═══ Data provided

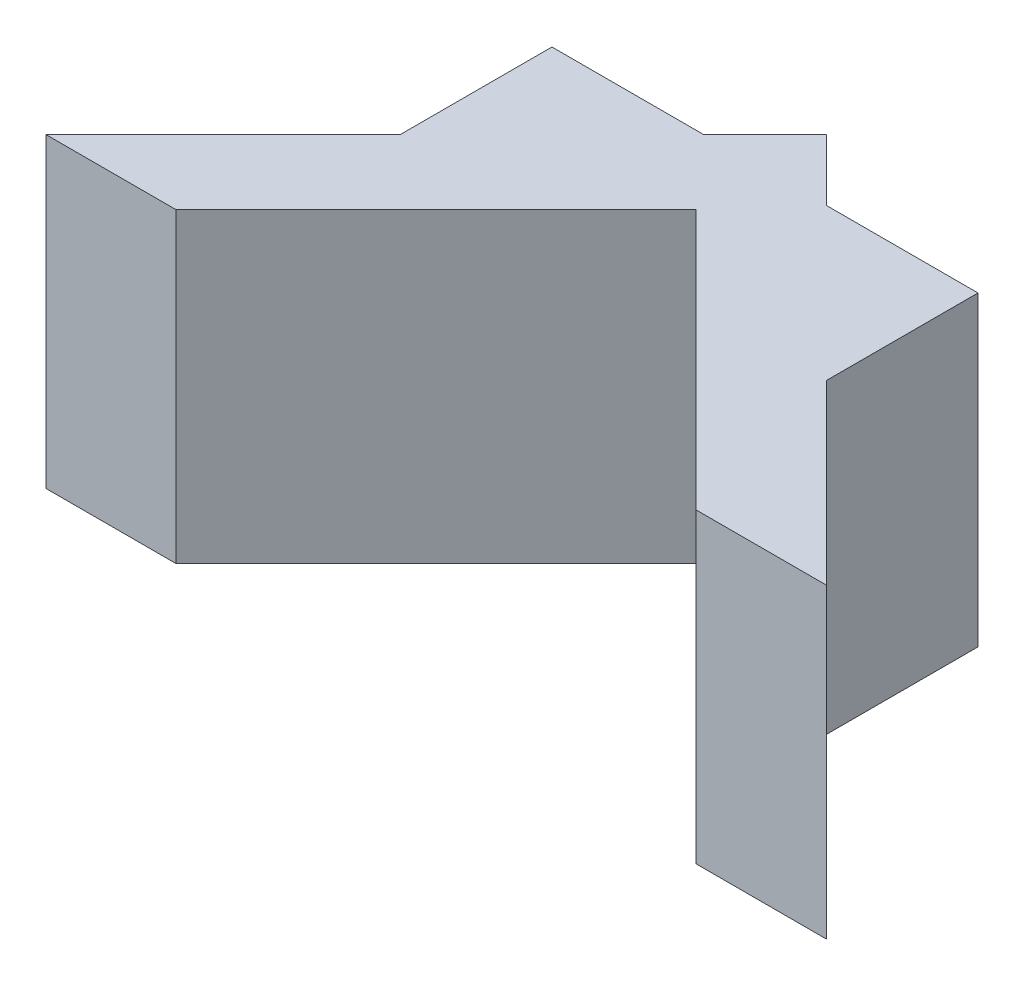
ISO-10303-21;
HEADER;
FILE_DESCRIPTION(('STEP AP214'),'2;1');
FILE_NAME('part.step','',(''),(''),'','','');
FILE_SCHEMA(('AUTOMOTIVE_DESIGN { 1 0 10303 214 1 1 1 1 }'));
ENDSEC;
DATA;
#1=APPLICATION_CONTEXT('core data for automotive mechanical design processes');
#2=APPLICATION_PROTOCOL_DEFINITION('international standard','automotive_design',2000,#1);
#3=PRODUCT_CONTEXT('',#1,'mechanical');
#4=PRODUCT('Part','Part','',(#3));
#5=PRODUCT_RELATED_PRODUCT_CATEGORY('part','',(#4));
#6=PRODUCT_DEFINITION_FORMATION('','',#4);
#7=PRODUCT_DEFINITION_CONTEXT('part definition',#1,'design');
#8=PRODUCT_DEFINITION('design','',#6,#7);
#9=PRODUCT_DEFINITION_SHAPE('','',#8);
#10=(LENGTH_UNIT() NAMED_UNIT(*) SI_UNIT(.MILLI.,.METRE.));
#11=(NAMED_UNIT(*) PLANE_ANGLE_UNIT() SI_UNIT($,.RADIAN.));
#12=(NAMED_UNIT(*) SI_UNIT($,.STERADIAN.) SOLID_ANGLE_UNIT());
#13=UNCERTAINTY_MEASURE_WITH_UNIT(LENGTH_MEASURE(1.E-05),#10,'distance_accuracy_value','');
#14=(GEOMETRIC_REPRESENTATION_CONTEXT(3) GLOBAL_UNCERTAINTY_ASSIGNED_CONTEXT((#13)) GLOBAL_UNIT_ASSIGNED_CONTEXT((#10,
#11,#12)) REPRESENTATION_CONTEXT('',''));
#15=CARTESIAN_POINT('',(0.,0.,0.));
#16=DIRECTION('',(0.,0.,1.));
#17=DIRECTION('',(1.,0.,0.));
#18=AXIS2_PLACEMENT_3D('',#15,#16,#17);
#19=CARTESIAN_POINT('',(-19.0918830920367,12.5,11.427149965576));
#20=DIRECTION('',(0.707106781186551,0.,0.707106781186544));
#21=DIRECTION('',(0.707106781186544,0.,-0.707106781186551));
#22=AXIS2_PLACEMENT_3D('',#19,#20,#21);
#23=PLANE('',#22);
#24=DIRECTION('',(0.,1.,0.));
#25=VECTOR('',#24,1.);
#26=CARTESIAN_POINT('',(-10.4246212024587,-13.,2.75988807599778));
#27=LINE('',#26,#25);
#28=CARTESIAN_POINT('',(-10.4246212024587,-2.5,2.75988807599778));
#29=VERTEX_POINT('',#28);
#30=CARTESIAN_POINT('',(-10.4246212024587,12.5,2.75988807599783));
#31=VERTEX_POINT('',#30);
#32=EDGE_CURVE('E246',#29,#31,#27,.T.);
#33=ORIENTED_EDGE('',*,*,#32,.F.);
#34=DIRECTION('',(-0.707106781186544,0.,0.707106781186551));
#35=VECTOR('',#34,1.);
#36=CARTESIAN_POINT('',(-19.0918830920367,-2.5,11.427149965576));
#37=LINE('',#36,#35);
#38=CARTESIAN_POINT('',(-19.0918830920367,-2.5,11.427149965576));
#39=VERTEX_POINT('',#38);
#40=EDGE_CURVE('E307',#29,#39,#37,.T.);
#41=ORIENTED_EDGE('',*,*,#40,.T.);
#42=DIRECTION('',(0.,-1.,0.));
#43=VECTOR('',#42,1.);
#44=CARTESIAN_POINT('',(-19.0918830920367,12.5,11.427149965576));
#45=LINE('',#44,#43);
#46=CARTESIAN_POINT('',(-19.0918830920367,12.5,11.427149965576));
#47=VERTEX_POINT('',#46);
#48=EDGE_CURVE('E313',#47,#39,#45,.T.);
#49=ORIENTED_EDGE('',*,*,#48,.F.);
#50=DIRECTION('',(-0.707106781186544,0.,0.707106781186551));
#51=VECTOR('',#50,1.);
#52=CARTESIAN_POINT('',(-19.0918830920367,12.5,11.427149965576));
#53=LINE('',#52,#51);
#54=EDGE_CURVE('E291',#31,#47,#53,.T.);
#55=ORIENTED_EDGE('',*,*,#54,.F.);
#56=EDGE_LOOP('',(#33,#41,#49,#55));
#57=FACE_BOUND('',#56,.T.);
#58=ADVANCED_FACE('F35',(#57),#23,.F.);
#59=DIRECTION('',(0.,1.,0.));
#60=VECTOR('',#59,1.);
#61=CARTESIAN_POINT('',(-2.99999999999999,-13.,-4.66473312646097));
#62=LINE('',#61,#60);
#63=CARTESIAN_POINT('',(-2.99999999999999,-2.5,-4.66473312646095));
#64=VERTEX_POINT('',#63);
#65=CARTESIAN_POINT('',(-2.99999999999999,12.5,-4.66473312646095));
#66=VERTEX_POINT('',#65);
#67=EDGE_CURVE('E243',#64,#66,#62,.T.);
#68=ORIENTED_EDGE('',*,*,#67,.T.);
#69=CARTESIAN_POINT('',(0.,12.5,-7.66473312646099));
#70=VERTEX_POINT('',#69);
#71=EDGE_CURVE('E292',#70,#66,#53,.T.);
#72=ORIENTED_EDGE('',*,*,#71,.F.);
#73=DIRECTION('',(0.,-1.,0.));
#74=VECTOR('',#73,1.);
#75=CARTESIAN_POINT('',(0.,12.5,-7.66473312646099));
#76=LINE('',#75,#74);
#77=CARTESIAN_POINT('',(0.,-2.5,-7.66473312646099));
#78=VERTEX_POINT('',#77);
#79=EDGE_CURVE('E316',#70,#78,#76,.T.);
#80=ORIENTED_EDGE('',*,*,#79,.T.);
#81=EDGE_CURVE('E308',#78,#64,#37,.T.);
#82=ORIENTED_EDGE('',*,*,#81,.T.);
#83=EDGE_LOOP('',(#68,#72,#80,#82));
#84=FACE_BOUND('',#83,.T.);
#85=ADVANCED_FACE('F355',(#84),#23,.F.);
#86=CARTESIAN_POINT('',(0.,12.5,-7.66473312646099));
#87=DIRECTION('',(-0.707106781186547,0.,0.707106781186548));
#88=DIRECTION('',(0.707106781186548,0.,0.707106781186547));
#89=AXIS2_PLACEMENT_3D('',#86,#87,#88);
#90=PLANE('',#89);
#91=DIRECTION('',(0.,1.,0.));
#92=VECTOR('',#91,1.);
#93=CARTESIAN_POINT('',(3.00000000000001,-13.,-4.66473312646097));
#94=LINE('',#93,#92);
#95=CARTESIAN_POINT('',(3.00000000000001,-2.5,-4.66473312646097));
#96=VERTEX_POINT('',#95);
#97=CARTESIAN_POINT('',(3.00000000000002,12.5,-4.66473312646098));
#98=VERTEX_POINT('',#97);
#99=EDGE_CURVE('E273',#96,#98,#94,.T.);
#100=ORIENTED_EDGE('',*,*,#99,.F.);
#101=DIRECTION('',(-0.707106781186548,0.,-0.707106781186547));
#102=VECTOR('',#101,1.);
#103=CARTESIAN_POINT('',(0.,-2.5,-7.66473312646099));
#104=LINE('',#103,#102);
#105=EDGE_CURVE('E304',#96,#78,#104,.T.);
#106=ORIENTED_EDGE('',*,*,#105,.T.);
#107=ORIENTED_EDGE('',*,*,#79,.F.);
#108=DIRECTION('',(-0.707106781186548,0.,-0.707106781186547));
#109=VECTOR('',#108,1.);
#110=CARTESIAN_POINT('',(0.,12.5,-7.66473312646099));
#111=LINE('',#110,#109);
#112=EDGE_CURVE('E287',#98,#70,#111,.T.);
#113=ORIENTED_EDGE('',*,*,#112,.F.);
#114=EDGE_LOOP('',(#100,#106,#107,#113));
#115=FACE_BOUND('',#114,.T.);
#116=ADVANCED_FACE('F352',(#115),#90,.F.);
#117=DIRECTION('',(0.,1.,0.));
#118=VECTOR('',#117,1.);
#119=CARTESIAN_POINT('',(10.4246212024588,-13.,2.75988807599778));
#120=LINE('',#119,#118);
#121=CARTESIAN_POINT('',(10.4246212024588,-2.5,2.75988807599777));
#122=VERTEX_POINT('',#121);
#123=CARTESIAN_POINT('',(10.4246212024588,12.5,2.75988807599777));
#124=VERTEX_POINT('',#123);
#125=EDGE_CURVE('E276',#122,#124,#120,.T.);
#126=ORIENTED_EDGE('',*,*,#125,.T.);
#127=CARTESIAN_POINT('',(19.0918830920368,12.5,11.4271499655758));
#128=VERTEX_POINT('',#127);
#129=EDGE_CURVE('E288',#128,#124,#111,.T.);
#130=ORIENTED_EDGE('',*,*,#129,.F.);
#131=DIRECTION('',(0.,-1.,0.));
#132=VECTOR('',#131,1.);
#133=CARTESIAN_POINT('',(19.0918830920368,12.5,11.4271499655758));
#134=LINE('',#133,#132);
#135=CARTESIAN_POINT('',(19.0918830920368,-2.5,11.4271499655758));
#136=VERTEX_POINT('',#135);
#137=EDGE_CURVE('E319',#128,#136,#134,.T.);
#138=ORIENTED_EDGE('',*,*,#137,.T.);
#139=EDGE_CURVE('E305',#136,#122,#104,.T.);
#140=ORIENTED_EDGE('',*,*,#139,.T.);
#141=EDGE_LOOP('',(#126,#130,#138,#140));
#142=FACE_BOUND('',#141,.T.);
#143=ADVANCED_FACE('F336',(#142),#90,.F.);
#144=CARTESIAN_POINT('',(0.,12.5,-1.300772095782));
#145=DIRECTION('',(-0.707106781186549,0.,-0.707106781186546));
#146=DIRECTION('',(-0.707106781186546,0.,0.707106781186549));
#147=AXIS2_PLACEMENT_3D('',#144,#145,#146);
#148=PLANE('',#147);
#149=DIRECTION('',(0.707106781186546,0.,-0.707106781186549));
#150=VECTOR('',#149,1.);
#151=CARTESIAN_POINT('',(0.,-2.5,-1.300772095782));
#152=LINE('',#151,#150);
#153=CARTESIAN_POINT('',(-12.7279220613579,-2.5,11.4271499655759));
#154=VERTEX_POINT('',#153);
#155=CARTESIAN_POINT('',(0.,-2.5,-1.300772095782));
#156=VERTEX_POINT('',#155);
#157=EDGE_CURVE('E267',#154,#156,#152,.T.);
#158=ORIENTED_EDGE('',*,*,#157,.T.);
#159=DIRECTION('',(0.,-1.,0.));
#160=VECTOR('',#159,1.);
#161=CARTESIAN_POINT('',(0.,12.5,-1.300772095782));
#162=LINE('',#161,#160);
#163=CARTESIAN_POINT('',(0.,12.5,-1.300772095782));
#164=VERTEX_POINT('',#163);
#165=EDGE_CURVE('E11',#164,#156,#162,.T.);
#166=ORIENTED_EDGE('',*,*,#165,.F.);
#167=DIRECTION('',(0.707106781186546,0.,-0.707106781186549));
#168=VECTOR('',#167,1.);
#169=CARTESIAN_POINT('',(0.,12.5,-1.300772095782));
#170=LINE('',#169,#168);
#171=CARTESIAN_POINT('',(-12.7279220613579,12.5,11.4271499655759));
#172=VERTEX_POINT('',#171);
#173=EDGE_CURVE('E279',#172,#164,#170,.T.);
#174=ORIENTED_EDGE('',*,*,#173,.F.);
#175=DIRECTION('',(0.,-1.,0.));
#176=VECTOR('',#175,1.);
#177=CARTESIAN_POINT('',(-12.7279220613579,12.5,11.4271499655759));
#178=LINE('',#177,#176);
#179=EDGE_CURVE('E297',#172,#154,#178,.T.);
#180=ORIENTED_EDGE('',*,*,#179,.T.);
#181=EDGE_LOOP('',(#158,#166,#174,#180));
#182=FACE_BOUND('',#181,.T.);
#183=ADVANCED_FACE('F37',(#182),#148,.F.);
#184=CARTESIAN_POINT('',(12.7279220613578,12.5,11.4271499655758));
#185=DIRECTION('',(0.707106781186547,0.,-0.707106781186549));
#186=DIRECTION('',(-0.707106781186549,0.,-0.707106781186547));
#187=AXIS2_PLACEMENT_3D('',#184,#185,#186);
#188=PLANE('',#187);
#189=DIRECTION('',(0.707106781186549,0.,0.707106781186547));
#190=VECTOR('',#189,1.);
#191=CARTESIAN_POINT('',(12.7279220613578,-2.5,11.4271499655758));
#192=LINE('',#191,#190);
#193=CARTESIAN_POINT('',(12.7279220613578,-2.5,11.4271499655758));
#194=VERTEX_POINT('',#193);
#195=EDGE_CURVE('E300',#156,#194,#192,.T.);
#196=ORIENTED_EDGE('',*,*,#195,.T.);
#197=DIRECTION('',(0.,-1.,0.));
#198=VECTOR('',#197,1.);
#199=CARTESIAN_POINT('',(12.7279220613578,12.5,11.4271499655758));
#200=LINE('',#199,#198);
#201=CARTESIAN_POINT('',(12.7279220613578,12.5,11.4271499655758));
#202=VERTEX_POINT('',#201);
#203=EDGE_CURVE('E43',#202,#194,#200,.T.);
#204=ORIENTED_EDGE('',*,*,#203,.F.);
#205=DIRECTION('',(0.707106781186549,0.,0.707106781186547));
#206=VECTOR('',#205,1.);
#207=CARTESIAN_POINT('',(12.7279220613578,12.5,11.4271499655758));
#208=LINE('',#207,#206);
#209=EDGE_CURVE('E282',#164,#202,#208,.T.);
#210=ORIENTED_EDGE('',*,*,#209,.F.);
#211=ORIENTED_EDGE('',*,*,#165,.T.);
#212=EDGE_LOOP('',(#196,#204,#210,#211));
#213=FACE_BOUND('',#212,.T.);
#214=ADVANCED_FACE('F375',(#213),#188,.F.);
#215=CARTESIAN_POINT('',(19.0918830920368,12.5,11.4271499655758));
#216=DIRECTION('',(0.,0.,-1.));
#217=DIRECTION('',(-1.,0.,0.));
#218=AXIS2_PLACEMENT_3D('',#215,#216,#217);
#219=PLANE('',#218);
#220=DIRECTION('',(1.,0.,0.));
#221=VECTOR('',#220,1.);
#222=CARTESIAN_POINT('',(19.0918830920368,-2.5,11.4271499655758));
#223=LINE('',#222,#221);
#224=EDGE_CURVE('E302',#194,#136,#223,.T.);
#225=ORIENTED_EDGE('',*,*,#224,.T.);
#226=ORIENTED_EDGE('',*,*,#137,.F.);
#227=DIRECTION('',(1.,0.,0.));
#228=VECTOR('',#227,1.);
#229=CARTESIAN_POINT('',(19.0918830920368,12.5,11.4271499655758));
#230=LINE('',#229,#228);
#231=EDGE_CURVE('E285',#202,#128,#230,.T.);
#232=ORIENTED_EDGE('',*,*,#231,.F.);
#233=ORIENTED_EDGE('',*,*,#203,.T.);
#234=EDGE_LOOP('',(#225,#226,#232,#233));
#235=FACE_BOUND('',#234,.T.);
#236=ADVANCED_FACE('F326',(#235),#219,.F.);
#237=CARTESIAN_POINT('',(-19.0918830920367,12.5,11.427149965576));
#238=DIRECTION('',(0.,0.,-1.));
#239=DIRECTION('',(-1.,0.,0.));
#240=AXIS2_PLACEMENT_3D('',#237,#238,#239);
#241=PLANE('',#240);
#242=DIRECTION('',(1.,0.,0.));
#243=VECTOR('',#242,1.);
#244=CARTESIAN_POINT('',(-19.0918830920367,-2.5,11.427149965576));
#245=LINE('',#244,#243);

══════

**What is needed**
What you return must be an exact retyping of the lines above starting at the line with "#132=VECTOR('',#131,1.);" and ending at the line with "#148=PLANE('',#147);", and nothing besides.

**Exercise solution**
#132=VECTOR('',#131,1.);
#133=CARTESIAN_POINT('',(19.0918830920368,12.5,11.4271499655758));
#134=LINE('',#133,#132);
#135=CARTESIAN_POINT('',(19.0918830920368,-2.5,11.4271499655758));
#136=VERTEX_POINT('',#135);
#137=EDGE_CURVE('E319',#128,#136,#134,.T.);
#138=ORIENTED_EDGE('',*,*,#137,.T.);
#139=EDGE_CURVE('E305',#136,#122,#104,.T.);
#140=ORIENTED_EDGE('',*,*,#139,.T.);
#141=EDGE_LOOP('',(#126,#130,#138,#140));
#142=FACE_BOUND('',#141,.T.);
#143=ADVANCED_FACE('F336',(#142),#90,.F.);
#144=CARTESIAN_POINT('',(0.,12.5,-1.300772095782));
#145=DIRECTION('',(-0.707106781186549,0.,-0.707106781186546));
#146=DIRECTION('',(-0.707106781186546,0.,0.707106781186549));
#147=AXIS2_PLACEMENT_3D('',#144,#145,#146);
#148=PLANE('',#147);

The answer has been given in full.